Records from a data source
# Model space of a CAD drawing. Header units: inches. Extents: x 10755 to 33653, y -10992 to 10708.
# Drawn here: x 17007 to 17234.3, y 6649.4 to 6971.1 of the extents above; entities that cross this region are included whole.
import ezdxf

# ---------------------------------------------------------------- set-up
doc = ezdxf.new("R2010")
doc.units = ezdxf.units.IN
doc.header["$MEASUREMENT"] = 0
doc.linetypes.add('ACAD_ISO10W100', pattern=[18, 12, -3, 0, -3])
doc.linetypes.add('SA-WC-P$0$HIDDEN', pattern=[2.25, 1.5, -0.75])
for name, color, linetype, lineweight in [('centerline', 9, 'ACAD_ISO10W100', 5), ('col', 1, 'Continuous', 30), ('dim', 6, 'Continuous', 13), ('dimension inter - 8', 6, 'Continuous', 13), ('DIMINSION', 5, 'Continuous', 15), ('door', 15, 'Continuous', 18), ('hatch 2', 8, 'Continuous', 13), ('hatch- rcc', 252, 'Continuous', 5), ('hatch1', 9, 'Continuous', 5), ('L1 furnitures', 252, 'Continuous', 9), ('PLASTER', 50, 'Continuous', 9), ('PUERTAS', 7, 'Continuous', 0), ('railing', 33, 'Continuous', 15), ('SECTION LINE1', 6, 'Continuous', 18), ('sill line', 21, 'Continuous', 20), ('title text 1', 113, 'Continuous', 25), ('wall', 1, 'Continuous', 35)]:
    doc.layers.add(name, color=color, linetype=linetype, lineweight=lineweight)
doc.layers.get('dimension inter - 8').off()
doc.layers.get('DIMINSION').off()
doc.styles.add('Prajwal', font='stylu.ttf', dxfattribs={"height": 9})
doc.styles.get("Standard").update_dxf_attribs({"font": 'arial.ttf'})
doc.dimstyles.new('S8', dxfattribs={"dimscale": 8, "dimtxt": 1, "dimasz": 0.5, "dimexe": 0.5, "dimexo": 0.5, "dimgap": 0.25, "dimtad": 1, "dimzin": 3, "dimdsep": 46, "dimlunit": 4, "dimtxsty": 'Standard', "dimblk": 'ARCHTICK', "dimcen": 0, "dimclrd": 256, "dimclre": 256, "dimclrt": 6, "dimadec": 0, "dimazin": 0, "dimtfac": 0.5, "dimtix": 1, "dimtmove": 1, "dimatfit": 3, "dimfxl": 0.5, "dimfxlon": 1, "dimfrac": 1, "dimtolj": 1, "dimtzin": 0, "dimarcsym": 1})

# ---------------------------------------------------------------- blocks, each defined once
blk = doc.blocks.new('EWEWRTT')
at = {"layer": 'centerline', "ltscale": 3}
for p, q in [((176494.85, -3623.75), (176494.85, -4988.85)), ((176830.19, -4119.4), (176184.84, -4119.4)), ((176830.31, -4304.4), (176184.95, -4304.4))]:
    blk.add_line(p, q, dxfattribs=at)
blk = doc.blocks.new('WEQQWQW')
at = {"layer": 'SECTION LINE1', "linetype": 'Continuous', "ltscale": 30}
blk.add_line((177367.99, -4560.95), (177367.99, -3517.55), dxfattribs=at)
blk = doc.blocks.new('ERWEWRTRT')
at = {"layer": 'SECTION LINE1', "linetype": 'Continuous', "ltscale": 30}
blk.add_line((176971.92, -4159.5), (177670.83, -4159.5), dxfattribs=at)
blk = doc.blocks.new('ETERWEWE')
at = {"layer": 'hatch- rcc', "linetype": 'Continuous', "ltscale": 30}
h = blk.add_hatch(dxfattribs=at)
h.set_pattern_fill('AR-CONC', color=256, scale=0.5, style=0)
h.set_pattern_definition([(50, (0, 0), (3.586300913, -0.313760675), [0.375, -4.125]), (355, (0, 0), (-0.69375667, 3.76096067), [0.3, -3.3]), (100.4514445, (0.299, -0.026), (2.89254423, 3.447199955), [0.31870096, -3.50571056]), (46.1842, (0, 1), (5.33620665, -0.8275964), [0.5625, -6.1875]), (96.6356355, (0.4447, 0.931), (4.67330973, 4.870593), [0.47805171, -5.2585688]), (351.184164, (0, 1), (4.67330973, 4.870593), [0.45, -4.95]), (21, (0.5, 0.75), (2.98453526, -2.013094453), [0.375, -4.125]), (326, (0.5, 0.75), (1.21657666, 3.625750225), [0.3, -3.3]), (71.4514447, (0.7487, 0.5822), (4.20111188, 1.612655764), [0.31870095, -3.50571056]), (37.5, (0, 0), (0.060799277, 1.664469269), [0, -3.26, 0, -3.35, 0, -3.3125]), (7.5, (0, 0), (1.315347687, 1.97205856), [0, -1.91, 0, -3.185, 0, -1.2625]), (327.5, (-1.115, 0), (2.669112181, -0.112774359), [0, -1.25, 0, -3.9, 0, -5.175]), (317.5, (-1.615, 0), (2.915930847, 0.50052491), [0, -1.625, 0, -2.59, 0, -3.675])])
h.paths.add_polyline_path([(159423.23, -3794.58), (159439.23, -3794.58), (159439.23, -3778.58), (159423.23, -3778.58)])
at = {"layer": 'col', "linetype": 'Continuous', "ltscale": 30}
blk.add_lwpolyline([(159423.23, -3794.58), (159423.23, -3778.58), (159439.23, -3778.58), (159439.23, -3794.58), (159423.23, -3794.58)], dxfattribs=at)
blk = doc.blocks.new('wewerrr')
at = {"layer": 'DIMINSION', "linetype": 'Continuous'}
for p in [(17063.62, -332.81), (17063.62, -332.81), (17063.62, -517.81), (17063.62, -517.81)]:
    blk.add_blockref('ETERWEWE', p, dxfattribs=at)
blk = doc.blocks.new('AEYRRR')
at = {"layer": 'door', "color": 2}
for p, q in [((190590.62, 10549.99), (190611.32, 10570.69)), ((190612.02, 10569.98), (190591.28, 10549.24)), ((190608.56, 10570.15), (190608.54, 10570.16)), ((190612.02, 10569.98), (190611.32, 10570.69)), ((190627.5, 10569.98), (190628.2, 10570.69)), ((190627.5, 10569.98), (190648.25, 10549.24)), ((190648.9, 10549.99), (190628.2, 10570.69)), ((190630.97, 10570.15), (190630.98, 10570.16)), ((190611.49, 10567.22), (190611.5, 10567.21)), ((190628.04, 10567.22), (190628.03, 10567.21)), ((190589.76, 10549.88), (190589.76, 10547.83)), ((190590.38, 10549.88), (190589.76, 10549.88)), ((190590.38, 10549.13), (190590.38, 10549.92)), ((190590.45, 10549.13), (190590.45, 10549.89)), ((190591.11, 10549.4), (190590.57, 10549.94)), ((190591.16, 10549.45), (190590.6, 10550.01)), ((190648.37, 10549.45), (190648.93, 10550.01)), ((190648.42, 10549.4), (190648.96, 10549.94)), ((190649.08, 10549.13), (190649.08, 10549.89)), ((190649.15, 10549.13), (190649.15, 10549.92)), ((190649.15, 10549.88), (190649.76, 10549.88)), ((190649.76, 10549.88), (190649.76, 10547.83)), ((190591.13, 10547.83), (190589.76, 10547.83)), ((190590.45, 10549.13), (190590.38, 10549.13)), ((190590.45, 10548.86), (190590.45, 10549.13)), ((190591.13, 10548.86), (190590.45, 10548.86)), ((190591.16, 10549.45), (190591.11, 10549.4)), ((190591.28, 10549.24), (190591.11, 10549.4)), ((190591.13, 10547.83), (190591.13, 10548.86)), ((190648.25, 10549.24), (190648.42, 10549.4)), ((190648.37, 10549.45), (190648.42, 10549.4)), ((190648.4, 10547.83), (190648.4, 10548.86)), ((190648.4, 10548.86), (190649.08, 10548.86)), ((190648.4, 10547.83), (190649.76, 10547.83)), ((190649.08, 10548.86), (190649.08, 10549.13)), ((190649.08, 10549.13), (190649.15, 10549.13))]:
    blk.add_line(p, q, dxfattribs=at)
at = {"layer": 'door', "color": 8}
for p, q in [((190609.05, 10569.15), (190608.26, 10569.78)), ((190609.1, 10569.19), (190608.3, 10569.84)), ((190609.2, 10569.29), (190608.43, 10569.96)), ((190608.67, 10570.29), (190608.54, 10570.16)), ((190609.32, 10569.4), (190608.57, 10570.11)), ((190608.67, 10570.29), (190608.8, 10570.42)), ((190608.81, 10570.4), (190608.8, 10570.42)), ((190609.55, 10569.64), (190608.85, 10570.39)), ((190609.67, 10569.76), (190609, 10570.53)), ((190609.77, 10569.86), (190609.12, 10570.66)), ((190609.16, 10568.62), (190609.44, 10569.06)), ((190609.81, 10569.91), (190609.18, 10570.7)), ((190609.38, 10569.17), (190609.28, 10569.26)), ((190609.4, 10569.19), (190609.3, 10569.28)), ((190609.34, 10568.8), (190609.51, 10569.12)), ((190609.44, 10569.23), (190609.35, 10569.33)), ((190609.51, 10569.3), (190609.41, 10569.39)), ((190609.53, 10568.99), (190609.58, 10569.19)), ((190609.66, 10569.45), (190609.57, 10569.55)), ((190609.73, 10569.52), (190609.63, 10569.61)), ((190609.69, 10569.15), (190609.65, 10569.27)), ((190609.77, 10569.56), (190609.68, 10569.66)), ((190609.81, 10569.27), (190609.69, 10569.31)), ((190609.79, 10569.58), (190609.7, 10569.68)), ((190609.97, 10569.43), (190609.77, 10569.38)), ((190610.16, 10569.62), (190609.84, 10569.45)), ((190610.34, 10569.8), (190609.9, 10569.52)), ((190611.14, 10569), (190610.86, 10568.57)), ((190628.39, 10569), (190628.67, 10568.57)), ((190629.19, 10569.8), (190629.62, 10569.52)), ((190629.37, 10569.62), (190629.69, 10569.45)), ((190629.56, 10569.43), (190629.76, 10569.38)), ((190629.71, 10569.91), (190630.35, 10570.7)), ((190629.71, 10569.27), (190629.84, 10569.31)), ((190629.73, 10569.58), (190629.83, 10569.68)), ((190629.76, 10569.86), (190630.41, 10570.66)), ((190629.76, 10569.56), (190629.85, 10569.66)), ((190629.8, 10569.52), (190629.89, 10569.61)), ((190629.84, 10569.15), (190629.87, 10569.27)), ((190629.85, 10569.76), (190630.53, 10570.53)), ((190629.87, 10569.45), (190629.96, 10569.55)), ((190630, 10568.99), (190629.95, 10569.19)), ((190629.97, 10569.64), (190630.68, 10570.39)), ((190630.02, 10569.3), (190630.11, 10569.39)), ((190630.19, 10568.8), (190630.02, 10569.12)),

[How to complete this task] Which of the lines above contain "centerline"? Return them all.

[Written solution]
for name, color, linetype, lineweight in [('centerline', 9, 'ACAD_ISO10W100', 5), ('col', 1, 'Continuous', 30), ('dim', 6, 'Continuous', 13), ('dimension inter - 8', 6, 'Continuous', 13), ('DIMINSION', 5, 'Continuous', 15), ('door', 15, 'Continuous', 18), ('hatch 2', 8, 'Continuous', 13), ('hatch- rcc', 252, 'Continuous', 5), ('hatch1', 9, 'Continuous', 5), ('L1 furnitures', 252, 'Continuous', 9), ('PLASTER', 50, 'Continuous', 9), ('PUERTAS', 7, 'Continuous', 0), ('railing', 33, 'Continuous', 15), ('SECTION LINE1', 6, 'Continuous', 18), ('sill line', 21, 'Continuous', 20), ('title text 1', 113, 'Continuous', 25), ('wall', 1, 'Continuous', 35)]:
at = {"layer": 'centerline', "ltscale": 3}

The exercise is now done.